A: When I shoot digitally, I tend to capture moments on a whim as they happen. I’m able to shoot and adjust settings quickly and fire off a bunch of images. In contrast, shooting with the Yashica really made me think about the way I approach my photography. It’s anything but quick. There’s no light meter, let alone a prism, so even framing becomes a discipline! Because of that, it has certainly made me slow down and appreciate the process. A camera with all the bells and whistles is obviously nice, just as is a house with all your possessions. You may miss them initially, but at the end of the day you realize you can live without them and you can still be where you want to be, both in photography and life.

It’s easy to get caught up in life and make it sophisticated. Those 7 weeks allowed me to take a step back, appreciate my travels and the opportunity it presented to live differently.

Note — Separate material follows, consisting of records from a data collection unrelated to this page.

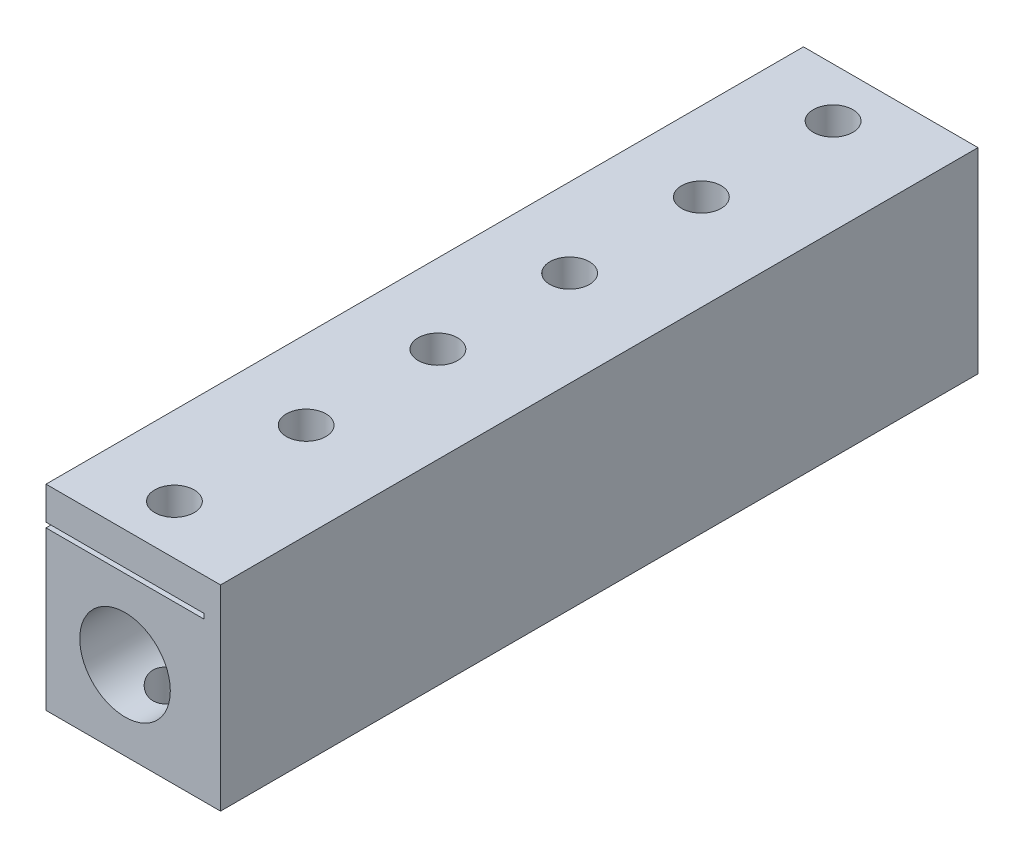
SolidWorks part; units mm, degrees
ref_plane "Front Plane" through (0, 0, 0) normal (0, 0, 1) x (1, 0, 0)
ref_plane "Top Plane" through (0, 0, 0) normal (0, 1, 0) x (1, 0, 0)
ref_plane "Right Plane" through (0, 0, 0) normal (1, 0, 0) x (0, 0, -1)
sketch "Sketch1" plane through (0, 0, 0) normal (0, 0, 1) x (1, 0, 0)
  line L1 (-24, -24) -> (24, -24)
  line L2 (-24, -24) -> (-24, 24)
  line L3 (-24, 24) -> (24, 24)
  line L4 (24, -24) -> (24, 24)
  line L5 (-24, -24) -> (24, 24) construction
  line L6 (-24, 24) -> (24, -24) construction
  line L7 (24, -24) -> (29, -24)
  line L8 (24, -24) -> (24, 35.5)
  line L9 (24, 35.5) -> (29, 35.5)
  line L10 (29, -24) -> (29, 35.5)
  line L11 (24, 35.5) -> (-24, 35.5)
  line L12 (24, 35.5) -> (24, 25.5)
  line L13 (24, 25.5) -> (-24, 25.5)
  line L14 (-24, 35.5) -> (-24, 25.5)
  circle A0 centre (0, 0) radius 13.75
  dimension "D1" = 27.5
  dimension "D2" = 1.5
  dimension "D3" = 48
  dimension "D4" = 48
  dimension "D5" = 5
  dimension "D6" = 10
extrude "Boss-Extrude1" add sketch "Sketch1" along normal blind 230 contours L1 L4 L3 L2 A0 | L11 L14 L13 L8 | L7 L10 L9 L8 L4 region at (-23.3212, 0, 0) region at (26.5, 5.75, 0) region at (0, 30.5, 0)
sketch "Sketch3" plane through (0, 35.5, 0) normal (0, 1, 0) x (1, 0, 0)
  line L0 (0, 0) -> (0, -230) construction
  line L1 (-24, -230) -> (29, -230) construction
  circle A0 centre (0, -15) radius 6
  circle A1 centre (0, -55) radius 6
  circle A2 centre (0, -95) radius 6
  circle A3 centre (0, -135) radius 6
  circle A4 centre (0, -175) radius 6
  circle A5 centre (0, -215) radius 6
  dimension "D1" = 12
  dimension "D2" = 15
  dimension "D4" = 15
  dimension "D3" = 6
extrude "Cut-Extrude1" cut sketch "Sketch3" against normal up to next
sketch "Sketch4" plane through (0, 35.5, 0) normal (0, 1, 0) x (1, 0, 0)
  line L0 (0, 0) -> (0, -230) construction
  line L1 (-24, -230) -> (29, -230) construction
  circle A0 centre (0, -15) radius 3.25
  circle A1 centre (0, -55) radius 3.25
  circle A2 centre (0, -95) radius 3.25
  circle A3 centre (0, -135) radius 3.25
  circle A4 centre (0, -175) radius 3.25
  circle A5 centre (0, -215) radius 3.25
  dimension "D1" = 6.5
  dimension "D2" = 6
extrude "Cut-Extrude2" cut sketch "Sketch4" against normal through all
sketch "Sketch5" plane through (0, -24, 0) normal (0, -1, 0) x (1, 0, 0)
  line L0 (0, 230) -> (0, 0) construction
  line L1 (-24, 230) -> (29, 230) construction
  circle A0 centre (0, 215) radius 6.5
  circle A1 centre (0, 175) radius 6.5
  circle A2 centre (0, 135) radius 6.5
  circle A3 centre (0, 95) radius 6.5
  circle A4 centre (0, 55) radius 6.5
  circle A5 centre (0, 15) radius 6.5
  dimension "D1" = 13
  dimension "D2" = 6
extrude "Cut-Extrude3" cut sketch "Sketch5" against normal up to next
sketch "Sketch7" plane through (0, 24, 0) normal (0, 1, 0) x (1, 0, 0)
  line L0 (0, 0) -> (0, -230) construction
  line L1 (0, -8.5337) -> (-5.6, -11.7668)
  line L2 (-5.6, -11.7668) -> (-5.6, -18.2332)
  line L3 (-5.6, -18.2332) -> (0, -21.4663)
  line L4 (0, -21.4663) -> (5.6, -18.2332)
  line L5 (5.6, -18.2332) -> (5.6, -11.7668)
  line L6 (5.6, -11.7668) -> (0, -8.5337)
  line L7 (-24, -230) -> (29, -230) construction
  line L8 (0, -48.5337) -> (-5.6, -51.7668)
  line L9 (-5.6, -51.7668) -> (-5.6, -58.2332)
  line L10 (-5.6, -58.2332) -> (0, -61.4663)
  line L11 (0, -61.4663) -> (5.6, -58.2332)
  line L12 (5.6, -58.2332) -> (5.6, -51.7668)
  line L13 (5.6, -51.7668) -> (0, -48.5337)
  line L14 (0, -88.5337) -> (-5.6, -91.7668)
  line L15 (-5.6, -91.7668) -> (-5.6, -98.2332)
  line L16 (-5.6, -98.2332) -> (0, -101.4663)
  line L17 (0, -101.4663) -> (5.6, -98.2332)
  line L18 (5.6, -98.2332) -> (5.6, -91.7668)
  line L19 (5.6, -91.7668) -> (0, -88.5337)
  line L20 (0, -128.5337) -> (-5.6, -131.7668)
  line L21 (-5.6, -131.7668) -> (-5.6, -138.2332)
  line L22 (-5.6, -138.2332) -> (0, -141.4663)
  line L23 (0, -141.4663) -> (5.6, -138.2332)
  line L24 (5.6, -138.2332) -> (5.6, -131.7668)
  line L25 (5.6, -131.7668) -> (0, -128.5337)
  line L26 (0, -168.5337) -> (-5.6, -171.7668)
  line L27 (-5.6, -171.7668) -> (-5.6, -178.2332)
  line L28 (-5.6, -178.2332) -> (0, -181.4663)
  line L29 (0, -181.4663) -> (5.6, -178.2332)
  line L30 (5.6, -178.2332) -> (5.6, -171.7668)
  line L31 (5.6, -171.7668) -> (0, -168.5337)
  line L32 (0, -208.5337) -> (-5.6, -211.7668)
  line L33 (-5.6, -211.7668) -> (-5.6, -218.2332)
  line L34 (-5.6, -218.2332) -> (0, -221.4663)
  line L35 (0, -221.4663) -> (5.6, -218.2332)
  line L36 (5.6, -218.2332) -> (5.6, -211.7668)
  line L37 (5.6, -211.7668) -> (0, -208.5337)
  circle A0 centre (0, -15) radius 5.6 construction
  dimension "D1" = 11.2
  dimension "D2" = 6
extrude "Cut-Extrude4" cut sketch "Sketch7" against normal up to next from offset 5 offset against normal yes

J: You also pilot for aerial cinematographers, what has that journey been like?
A: I entered the drone industry very early in my film career. I simply tried to use the new technology as a means to shoot more and to get on film sets more often. It was partially a leap of faith and partially trusting where I saw the industry going. The first drone I ever flew was the first heavy lift drone I built haha I probably should have started on something smaller, but I tend to have a ‘trial by fire’ mentality! Once the FAA finally allowed drones for commercial use the industry took off. I’ve been lucky enough to have met some really great contacts who push me creatively as well as on a technical piloting level. I’ve worked on commercials, documentaries, award-winning tv shows and even a big feature film called ‘Cherry’ which was recently released. It’s crazy to look back on how I got to where I am today, let alone see my work and have people comment on it. Hopefully the industry continues on this path!

J: What’s next for you?
A: While my adventures aren’t over, life on the road unfortunately might be. I’ve loved my time in the RV but it may be time to find the next place I can settle into and call home. Having a constant, reliable space to be creative in is the one thing I took for granted. In that, I hope to find new home within a community that pushes me to take chances, be bold and be creative everyday.